High-Throughput Biology - From Sequence to Networks Module 13 Lab

This work is licensed under a Creative Commons Attribution-ShareAlike 3.0 Unported License. This means that you are able to copy, share and modify the work, as long as the result is distributed under the same license.

MODULE 13 LAB: PATHWAY OVER-REPRESENTATION ANALYSIS

By Jüri Reimand

Let’s get a few gene lists for analysis

TCGA article

Highlights:

Using the integrated data sets, the authors identified 127 significantly mutated genes as candidate cancer driver genes
Genes under positive selection, either in individual or multiple tumour types, tend to display higher mutation frequencies above background.
The statistical analysis identified 127 such genes
The mutational significance in cancer (MuSiC) package was used to identify significant genes for both individual tumour types and the Pan-Cancer sample cohort. Dees et al. MuSiC: Identifying mutational significance in cancer genomes. Genome Res. 2012
These significantly mutated genes are involved in a wide range of cellular processes, including transcription factors/regulators, histone modifiers, genome integrity, receptor tyrosine kinase signalling, cell cycle, mitogen- activated protein kinases (MAPK) signalling, phosphatidylinositol-3-OH kinase (PI(3)K) signalling, Wnt/b-catenin signalling, histones, ubiquitin- mediated proteolysis, and splicing (Fig. 2).

Supplementary Data, Table 4

globally significant, frequency >= 1% for glioblastoma multiforme (GBM): 46
globally significant, frequency >= 1% for kidney renal clear cell carcinoma (KIRC): 53

GBM gene list
KIRC gene list

Let’s use g:Profiler to obtain enrichment results

g:Profiler

First set the parameters and filter gene sets to be analysed:

Parameters

Note that input genes are ordered according to p-value so the Ordered Query option is appropriate.

Then paste the gene list (GBM shown here) and press g:Profile to start the analysis.

Scroll down to see significantly enriched pathways and processes. Scroll right to see gene annotations of GO processes (colored) and Reactome pathways (black; scroll further down).

Parameters

Browse results:

Click on numbers in the column n. of common genes to find genes that are part of a given process.
Click graph icon to see how processes are related to each other.
Check checkbox No electronic GO annotations and run query again. Now you see the enrichment analysis that uses only high-confidence gene annotations.
Uncheck checkbox Hierarchical sorting to reveal ranking of results by corrected p-value.
Scroll all the way down and look at parameters and gene information. In particular, pay attention to unidentified gene symbols. In GBM, the symbols MLL2, MLL3, MLL4 are outdated and should be replaced with current IDs.
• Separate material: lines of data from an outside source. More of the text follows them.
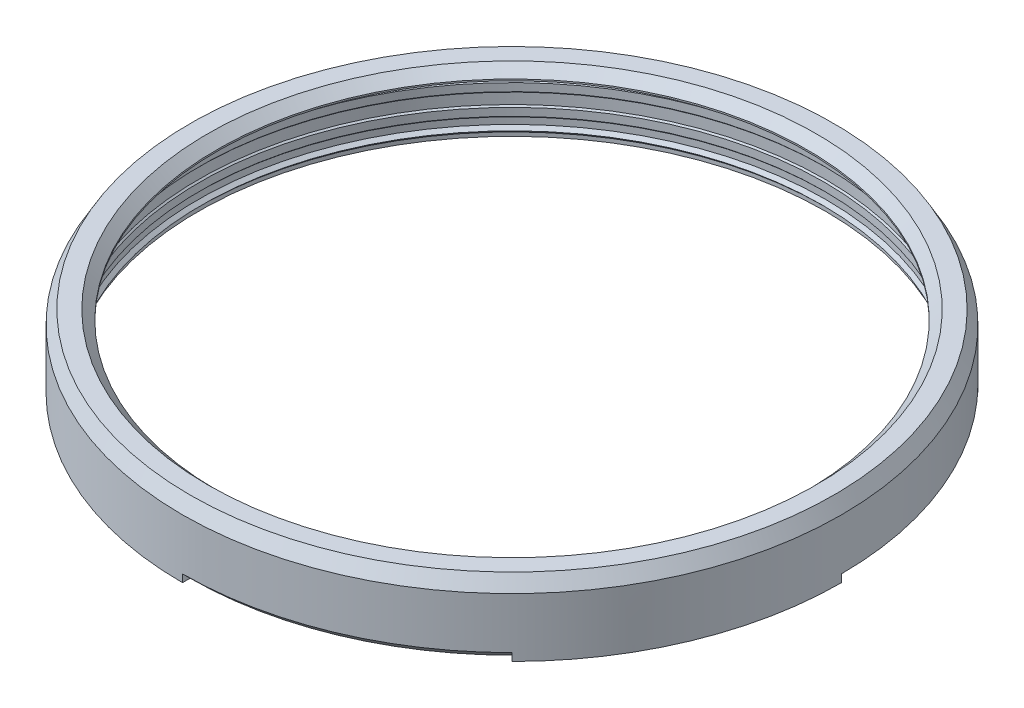
ISO-10303-21;
HEADER;
FILE_DESCRIPTION(('STEP AP214'),'2;1');
FILE_NAME('part.step','',(''),(''),'','','');
FILE_SCHEMA(('AUTOMOTIVE_DESIGN { 1 0 10303 214 1 1 1 1 }'));
ENDSEC;
DATA;
#1=APPLICATION_CONTEXT('core data for automotive mechanical design processes');
#2=APPLICATION_PROTOCOL_DEFINITION('international standard','automotive_design',2000,#1);
#3=PRODUCT_CONTEXT('',#1,'mechanical');
#4=PRODUCT('Part','Part','',(#3));
#5=PRODUCT_RELATED_PRODUCT_CATEGORY('part','',(#4));
#6=PRODUCT_DEFINITION_FORMATION('','',#4);
#7=PRODUCT_DEFINITION_CONTEXT('part definition',#1,'design');
#8=PRODUCT_DEFINITION('design','',#6,#7);
#9=PRODUCT_DEFINITION_SHAPE('','',#8);
#10=(LENGTH_UNIT() NAMED_UNIT(*) SI_UNIT(.MILLI.,.METRE.));
#11=(NAMED_UNIT(*) PLANE_ANGLE_UNIT() SI_UNIT($,.RADIAN.));
#12=(NAMED_UNIT(*) SI_UNIT($,.STERADIAN.) SOLID_ANGLE_UNIT());
#13=UNCERTAINTY_MEASURE_WITH_UNIT(LENGTH_MEASURE(1.E-05),#10,'distance_accuracy_value','');
#14=(GEOMETRIC_REPRESENTATION_CONTEXT(3) GLOBAL_UNCERTAINTY_ASSIGNED_CONTEXT((#13)) GLOBAL_UNIT_ASSIGNED_CONTEXT((#10,
#11,#12)) REPRESENTATION_CONTEXT('',''));
#15=CARTESIAN_POINT('',(0.,0.,0.));
#16=DIRECTION('',(0.,0.,1.));
#17=DIRECTION('',(1.,0.,0.));
#18=AXIS2_PLACEMENT_3D('',#15,#16,#17);
#19=CARTESIAN_POINT('',(0.,-1.39999999999983,0.));
#20=DIRECTION('',(0.,-1.,0.));
#21=DIRECTION('',(0.,0.,-1.));
#22=AXIS2_PLACEMENT_3D('',#19,#20,#21);
#23=TOROIDAL_SURFACE('',#22,39.5300000000001,1.39999999999978);
#24=CARTESIAN_POINT('',(0.,-1.39999999999983,0.));
#25=DIRECTION('',(0.,-1.,0.));
#26=DIRECTION('',(0.,0.,-1.));
#27=AXIS2_PLACEMENT_3D('',#24,#25,#26);
#28=CIRCLE('',#27,40.9299999999999);
#29=CARTESIAN_POINT('',(0.,-1.39999999999983,-40.9299999999999));
#30=VERTEX_POINT('',#29);
#31=EDGE_CURVE('E260',#30,#30,#28,.T.);
#32=ORIENTED_EDGE('',*,*,#31,.T.);
#33=EDGE_LOOP('',(#32));
#34=FACE_BOUND('',#33,.T.);
#35=CARTESIAN_POINT('',(0.,-0.0225022686044408,0.));
#36=DIRECTION('',(0.,-1.,0.));
#37=DIRECTION('',(0.,0.,-1.));
#38=AXIS2_PLACEMENT_3D('',#35,#36,#37);
#39=CIRCLE('',#38,39.78);
#40=CARTESIAN_POINT('',(0.,-0.0225022686044408,-39.78));
#41=VERTEX_POINT('',#40);
#42=EDGE_CURVE('E43',#41,#41,#39,.F.);
#43=ORIENTED_EDGE('',*,*,#42,.T.);
#44=EDGE_LOOP('',(#43));
#45=FACE_BOUND('',#44,.T.);
#46=ADVANCED_FACE('F38',(#34,#45),#23,.F.);
#47=CARTESIAN_POINT('',(0.,0.,0.));
#48=DIRECTION('',(0.,1.,0.));
#49=DIRECTION('',(0.,0.,1.));
#50=AXIS2_PLACEMENT_3D('',#47,#48,#49);
#51=PLANE('',#50);
#52=CARTESIAN_POINT('',(0.,0.,0.));
#53=DIRECTION('',(0.,1.,0.));
#54=DIRECTION('',(0.,0.,1.));
#55=AXIS2_PLACEMENT_3D('',#52,#53,#54);
#56=CIRCLE('',#55,38.5);
#57=CARTESIAN_POINT('',(0.,0.,38.5));
#58=VERTEX_POINT('',#57);
#59=EDGE_CURVE('E218',#58,#58,#56,.T.);
#60=ORIENTED_EDGE('',*,*,#59,.T.);
#61=EDGE_LOOP('',(#60));
#62=FACE_BOUND('',#61,.T.);
#63=CARTESIAN_POINT('',(0.,0.,0.));
#64=DIRECTION('',(0.,-1.,0.));
#65=DIRECTION('',(0.,0.,-1.));
#66=AXIS2_PLACEMENT_3D('',#63,#64,#65);
#67=CIRCLE('',#66,39.32);
#68=CARTESIAN_POINT('',(0.,0.,-39.32));
#69=VERTEX_POINT('',#68);
#70=EDGE_CURVE('E571',#69,#69,#67,.T.);
#71=ORIENTED_EDGE('',*,*,#70,.T.);
#72=EDGE_LOOP('',(#71));
#73=FACE_BOUND('',#72,.T.);
#74=ADVANCED_FACE('F291',(#62,#73),#51,.F.);
#75=CARTESIAN_POINT('',(0.,2.,0.));
#76=DIRECTION('',(0.,-1.,0.));
#77=DIRECTION('',(0.,0.,-1.));
#78=AXIS2_PLACEMENT_3D('',#75,#76,#77);
#79=CYLINDRICAL_SURFACE('',#78,43.);
#80=CARTESIAN_POINT('',(0.,-0.332000000000025,0.));
#81=DIRECTION('',(0.,1.,0.));
#82=DIRECTION('',(0.,0.,1.));
#83=AXIS2_PLACEMENT_3D('',#80,#81,#82);
#84=CIRCLE('',#83,43.);
#85=CARTESIAN_POINT('',(0.,-0.332000000000025,43.));
#86=VERTEX_POINT('',#85);
#87=EDGE_CURVE('E11',#86,#86,#84,.F.);
#88=ORIENTED_EDGE('',*,*,#87,.T.);
#89=EDGE_LOOP('',(#88));
#90=FACE_BOUND('',#89,.T.);
#91=DIRECTION('',(0.,1.,0.));
#92=VECTOR('',#91,1.);
#93=CARTESIAN_POINT('',(-30.4055915910217,-8.,-30.4055915910214));
#94=LINE('',#93,#92);
#95=CARTESIAN_POINT('',(-30.4055915910217,-8.,-30.4055915910214));
#96=VERTEX_POINT('',#95);
#97=CARTESIAN_POINT('',(-30.4055915910217,-7.,-30.4055915910214));
#98=VERTEX_POINT('',#97);
#99=EDGE_CURVE('E148',#96,#98,#94,.T.);
#100=ORIENTED_EDGE('',*,*,#99,.F.);
#101=CARTESIAN_POINT('',(0.,-8.,0.));
#102=DIRECTION('',(0.,-1.,0.));
#103=DIRECTION('',(0.,0.,-1.));
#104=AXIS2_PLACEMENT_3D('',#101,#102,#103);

For Enrichment Map construction (for next tutorial):

Set Output Type to Generic Enrichment Map (TAB).
Click on g:Profile to run analysis again.
Right-click on Download data in Generic Enrichment Map (GEM) format to save the file.
At the bottom of Advanced Options, find Download g:Profiler data as GMT and right-click the link name to save the zip file with gene-set annotations.
In the zip file, you will need the file hsapiens.pathways.NAME.gmt.

g:Cocoa – analysis of multiple gene lists:

g:Cocoa

Format your gene lists for g:Cocoa. You can analyse two or more gene lists by placing an identifier for every gene list before the gene list on a separate line:
```
> GBM_genes
PTEN
TP53
...
> KIRC_genes
VHL
PBRM1
..
```
Paste the gene list into the Multi-query field and click on g:Cocoa to start.

g:Convert – gene ID conversion:

g:Convert

Paste gene list into the Query box.
In the Target Database list, select the desired type of gene/protein identifiers, for example UNIPROTSWISSPROT. Click Convert IDs to continue.